▼

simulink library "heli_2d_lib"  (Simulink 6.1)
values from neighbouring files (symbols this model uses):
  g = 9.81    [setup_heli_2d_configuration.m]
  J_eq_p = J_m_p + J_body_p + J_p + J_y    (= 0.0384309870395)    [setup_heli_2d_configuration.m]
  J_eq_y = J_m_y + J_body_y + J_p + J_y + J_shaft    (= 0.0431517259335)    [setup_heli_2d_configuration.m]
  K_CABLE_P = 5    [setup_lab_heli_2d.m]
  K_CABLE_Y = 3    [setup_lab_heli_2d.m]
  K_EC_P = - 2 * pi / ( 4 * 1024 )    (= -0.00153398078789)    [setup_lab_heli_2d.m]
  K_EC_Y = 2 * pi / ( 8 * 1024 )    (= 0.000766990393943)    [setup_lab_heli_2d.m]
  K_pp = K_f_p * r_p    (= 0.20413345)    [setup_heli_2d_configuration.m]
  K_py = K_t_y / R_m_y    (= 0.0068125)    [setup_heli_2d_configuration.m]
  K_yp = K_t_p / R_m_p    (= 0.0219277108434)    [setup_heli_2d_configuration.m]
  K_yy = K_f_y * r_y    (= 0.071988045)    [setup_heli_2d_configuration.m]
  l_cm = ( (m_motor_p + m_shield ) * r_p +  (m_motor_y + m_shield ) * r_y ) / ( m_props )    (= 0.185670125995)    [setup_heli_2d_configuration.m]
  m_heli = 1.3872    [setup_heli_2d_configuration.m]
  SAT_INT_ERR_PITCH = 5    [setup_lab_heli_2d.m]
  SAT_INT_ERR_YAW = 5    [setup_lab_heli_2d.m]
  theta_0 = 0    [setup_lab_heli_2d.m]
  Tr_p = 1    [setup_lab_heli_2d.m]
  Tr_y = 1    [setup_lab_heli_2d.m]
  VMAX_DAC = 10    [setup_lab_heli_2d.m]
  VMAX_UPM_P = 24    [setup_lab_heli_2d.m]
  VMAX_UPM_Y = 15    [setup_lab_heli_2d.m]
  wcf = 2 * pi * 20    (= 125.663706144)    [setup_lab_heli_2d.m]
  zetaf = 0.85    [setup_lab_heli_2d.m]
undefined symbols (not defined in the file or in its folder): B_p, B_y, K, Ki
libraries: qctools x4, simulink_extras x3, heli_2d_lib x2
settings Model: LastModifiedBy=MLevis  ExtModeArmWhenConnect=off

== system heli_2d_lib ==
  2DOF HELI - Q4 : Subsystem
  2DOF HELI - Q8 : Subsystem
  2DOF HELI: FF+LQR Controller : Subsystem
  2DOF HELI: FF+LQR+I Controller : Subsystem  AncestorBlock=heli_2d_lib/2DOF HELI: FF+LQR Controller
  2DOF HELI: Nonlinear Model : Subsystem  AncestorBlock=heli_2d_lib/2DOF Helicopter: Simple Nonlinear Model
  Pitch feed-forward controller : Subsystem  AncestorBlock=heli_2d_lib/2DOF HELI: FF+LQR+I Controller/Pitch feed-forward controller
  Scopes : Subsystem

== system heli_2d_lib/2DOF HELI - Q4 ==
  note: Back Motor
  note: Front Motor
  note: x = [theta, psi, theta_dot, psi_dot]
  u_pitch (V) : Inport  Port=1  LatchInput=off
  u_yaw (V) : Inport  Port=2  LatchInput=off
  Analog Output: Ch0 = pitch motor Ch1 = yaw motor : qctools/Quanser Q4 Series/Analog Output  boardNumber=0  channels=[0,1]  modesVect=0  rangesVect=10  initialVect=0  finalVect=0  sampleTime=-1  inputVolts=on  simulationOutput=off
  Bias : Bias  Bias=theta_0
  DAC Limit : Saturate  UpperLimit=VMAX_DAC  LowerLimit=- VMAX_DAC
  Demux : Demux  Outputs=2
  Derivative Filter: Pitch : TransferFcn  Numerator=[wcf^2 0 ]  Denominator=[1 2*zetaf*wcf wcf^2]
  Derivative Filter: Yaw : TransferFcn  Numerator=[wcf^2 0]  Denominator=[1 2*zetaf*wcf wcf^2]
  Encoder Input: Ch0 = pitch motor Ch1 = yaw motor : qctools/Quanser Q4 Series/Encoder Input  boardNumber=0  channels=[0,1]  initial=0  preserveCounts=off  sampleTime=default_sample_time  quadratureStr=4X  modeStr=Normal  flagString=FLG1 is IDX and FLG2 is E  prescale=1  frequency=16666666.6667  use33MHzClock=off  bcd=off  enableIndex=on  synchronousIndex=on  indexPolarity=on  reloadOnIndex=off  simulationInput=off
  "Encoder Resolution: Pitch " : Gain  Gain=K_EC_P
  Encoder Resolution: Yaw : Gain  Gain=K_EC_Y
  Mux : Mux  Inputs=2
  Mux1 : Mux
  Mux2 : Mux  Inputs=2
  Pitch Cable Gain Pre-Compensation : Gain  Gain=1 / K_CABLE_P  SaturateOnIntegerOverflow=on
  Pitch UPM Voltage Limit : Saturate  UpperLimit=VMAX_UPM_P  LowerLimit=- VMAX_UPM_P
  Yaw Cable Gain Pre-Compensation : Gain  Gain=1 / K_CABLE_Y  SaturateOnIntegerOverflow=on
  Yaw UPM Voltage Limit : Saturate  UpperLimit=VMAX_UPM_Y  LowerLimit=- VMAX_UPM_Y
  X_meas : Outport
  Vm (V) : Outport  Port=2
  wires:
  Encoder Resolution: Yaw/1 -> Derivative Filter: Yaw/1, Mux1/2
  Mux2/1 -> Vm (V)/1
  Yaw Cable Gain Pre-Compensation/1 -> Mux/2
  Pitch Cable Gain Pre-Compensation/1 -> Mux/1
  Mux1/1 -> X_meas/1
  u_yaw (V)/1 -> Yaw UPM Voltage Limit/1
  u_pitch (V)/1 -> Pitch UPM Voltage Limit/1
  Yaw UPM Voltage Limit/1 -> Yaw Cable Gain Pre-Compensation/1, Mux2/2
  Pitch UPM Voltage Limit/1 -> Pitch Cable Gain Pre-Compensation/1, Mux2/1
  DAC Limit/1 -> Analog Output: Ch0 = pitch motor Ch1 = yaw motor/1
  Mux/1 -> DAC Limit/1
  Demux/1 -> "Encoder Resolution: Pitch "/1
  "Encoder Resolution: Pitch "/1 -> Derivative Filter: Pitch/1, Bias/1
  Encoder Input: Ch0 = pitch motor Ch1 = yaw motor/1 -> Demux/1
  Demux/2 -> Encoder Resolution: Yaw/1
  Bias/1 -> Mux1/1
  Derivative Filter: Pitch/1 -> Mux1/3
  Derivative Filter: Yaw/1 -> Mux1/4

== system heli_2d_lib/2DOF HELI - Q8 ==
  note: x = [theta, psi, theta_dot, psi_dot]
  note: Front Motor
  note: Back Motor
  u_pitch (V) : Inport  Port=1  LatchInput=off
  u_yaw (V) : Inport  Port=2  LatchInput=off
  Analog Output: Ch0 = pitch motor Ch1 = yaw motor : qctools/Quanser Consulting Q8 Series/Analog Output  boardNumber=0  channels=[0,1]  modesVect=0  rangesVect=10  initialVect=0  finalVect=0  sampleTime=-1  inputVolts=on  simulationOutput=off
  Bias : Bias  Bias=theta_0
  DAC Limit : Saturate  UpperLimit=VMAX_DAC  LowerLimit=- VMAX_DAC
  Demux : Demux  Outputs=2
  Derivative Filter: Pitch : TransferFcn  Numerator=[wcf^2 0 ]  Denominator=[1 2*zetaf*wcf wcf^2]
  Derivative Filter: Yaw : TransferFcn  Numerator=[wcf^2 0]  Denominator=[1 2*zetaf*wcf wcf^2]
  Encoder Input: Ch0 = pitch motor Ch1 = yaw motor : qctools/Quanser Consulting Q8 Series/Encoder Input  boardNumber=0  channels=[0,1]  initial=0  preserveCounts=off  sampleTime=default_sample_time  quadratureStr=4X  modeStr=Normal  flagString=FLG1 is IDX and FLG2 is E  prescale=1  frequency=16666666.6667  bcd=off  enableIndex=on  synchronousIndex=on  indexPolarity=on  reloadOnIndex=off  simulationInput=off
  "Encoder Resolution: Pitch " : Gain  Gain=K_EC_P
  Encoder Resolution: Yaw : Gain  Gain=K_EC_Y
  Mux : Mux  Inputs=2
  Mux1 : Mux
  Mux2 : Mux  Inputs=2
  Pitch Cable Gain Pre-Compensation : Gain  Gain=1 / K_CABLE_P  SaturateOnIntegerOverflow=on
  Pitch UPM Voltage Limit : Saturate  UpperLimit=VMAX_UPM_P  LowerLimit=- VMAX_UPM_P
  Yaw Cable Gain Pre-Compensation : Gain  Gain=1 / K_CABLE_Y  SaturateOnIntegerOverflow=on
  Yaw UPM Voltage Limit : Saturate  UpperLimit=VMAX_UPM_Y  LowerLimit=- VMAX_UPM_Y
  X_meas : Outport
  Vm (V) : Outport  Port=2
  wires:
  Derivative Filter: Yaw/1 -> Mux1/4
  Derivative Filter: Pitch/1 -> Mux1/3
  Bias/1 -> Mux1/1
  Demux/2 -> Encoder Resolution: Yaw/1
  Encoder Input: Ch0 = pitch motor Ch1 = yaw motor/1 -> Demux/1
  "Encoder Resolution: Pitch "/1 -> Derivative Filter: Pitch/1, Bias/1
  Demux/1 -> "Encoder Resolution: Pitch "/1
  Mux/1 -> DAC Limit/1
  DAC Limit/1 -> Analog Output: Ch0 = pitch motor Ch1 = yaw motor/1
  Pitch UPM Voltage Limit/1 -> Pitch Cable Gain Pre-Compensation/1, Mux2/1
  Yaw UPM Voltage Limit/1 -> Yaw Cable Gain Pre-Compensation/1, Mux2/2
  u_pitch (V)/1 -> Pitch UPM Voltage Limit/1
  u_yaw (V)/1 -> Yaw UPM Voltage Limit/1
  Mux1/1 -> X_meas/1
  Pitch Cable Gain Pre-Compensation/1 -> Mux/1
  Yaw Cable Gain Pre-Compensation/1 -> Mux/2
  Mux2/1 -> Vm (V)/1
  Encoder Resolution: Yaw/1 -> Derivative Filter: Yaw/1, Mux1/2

▲

■ What this task involves
What is needed is an exact copy of the entries from their first line down to the line with "2DOF HELI: FF+LQR+I Controller : Subsystem", that line included, and nothing beyond it.

■ Answer to this task
simulink library "heli_2d_lib"  (Simulink 6.1)
values from neighbouring files (symbols this model uses):
  g = 9.81    [setup_heli_2d_configuration.m]
  J_eq_p = J_m_p + J_body_p + J_p + J_y    (= 0.0384309870395)    [setup_heli_2d_configuration.m]
  J_eq_y = J_m_y + J_body_y + J_p + J_y + J_shaft    (= 0.0431517259335)    [setup_heli_2d_configuration.m]
  K_CABLE_P = 5    [setup_lab_heli_2d.m]
  K_CABLE_Y = 3    [setup_lab_heli_2d.m]
  K_EC_P = - 2 * pi / ( 4 * 1024 )    (= -0.00153398078789)    [setup_lab_heli_2d.m]
  K_EC_Y = 2 * pi / ( 8 * 1024 )    (= 0.000766990393943)    [setup_lab_heli_2d.m]
  K_pp = K_f_p * r_p    (= 0.20413345)    [setup_heli_2d_configuration.m]
  K_py = K_t_y / R_m_y    (= 0.0068125)    [setup_heli_2d_configuration.m]
  K_yp = K_t_p / R_m_p    (= 0.0219277108434)    [setup_heli_2d_configuration.m]
  K_yy = K_f_y * r_y    (= 0.071988045)    [setup_heli_2d_configuration.m]
  l_cm = ( (m_motor_p + m_shield ) * r_p +  (m_motor_y + m_shield ) * r_y ) / ( m_props )    (= 0.185670125995)    [setup_heli_2d_configuration.m]
  m_heli = 1.3872    [setup_heli_2d_configuration.m]
  SAT_INT_ERR_PITCH = 5    [setup_lab_heli_2d.m]
  SAT_INT_ERR_YAW = 5    [setup_lab_heli_2d.m]
  theta_0 = 0    [setup_lab_heli_2d.m]
  Tr_p = 1    [setup_lab_heli_2d.m]
  Tr_y = 1    [setup_lab_heli_2d.m]
  VMAX_DAC = 10    [setup_lab_heli_2d.m]
  VMAX_UPM_P = 24    [setup_lab_heli_2d.m]
  VMAX_UPM_Y = 15    [setup_lab_heli_2d.m]
  wcf = 2 * pi * 20    (= 125.663706144)    [setup_lab_heli_2d.m]
  zetaf = 0.85    [setup_lab_heli_2d.m]
undefined symbols (not defined in the file or in its folder): B_p, B_y, K, Ki
libraries: qctools x4, simulink_extras x3, heli_2d_lib x2
settings Model: LastModifiedBy=MLevis  ExtModeArmWhenConnect=off

== system heli_2d_lib ==
  2DOF HELI - Q4 : Subsystem
  2DOF HELI - Q8 : Subsystem
  2DOF HELI: FF+LQR Controller : Subsystem
  2DOF HELI: FF+LQR+I Controller : Subsystem  AncestorBlock=heli_2d_lib/2DOF HELI: FF+LQR Controller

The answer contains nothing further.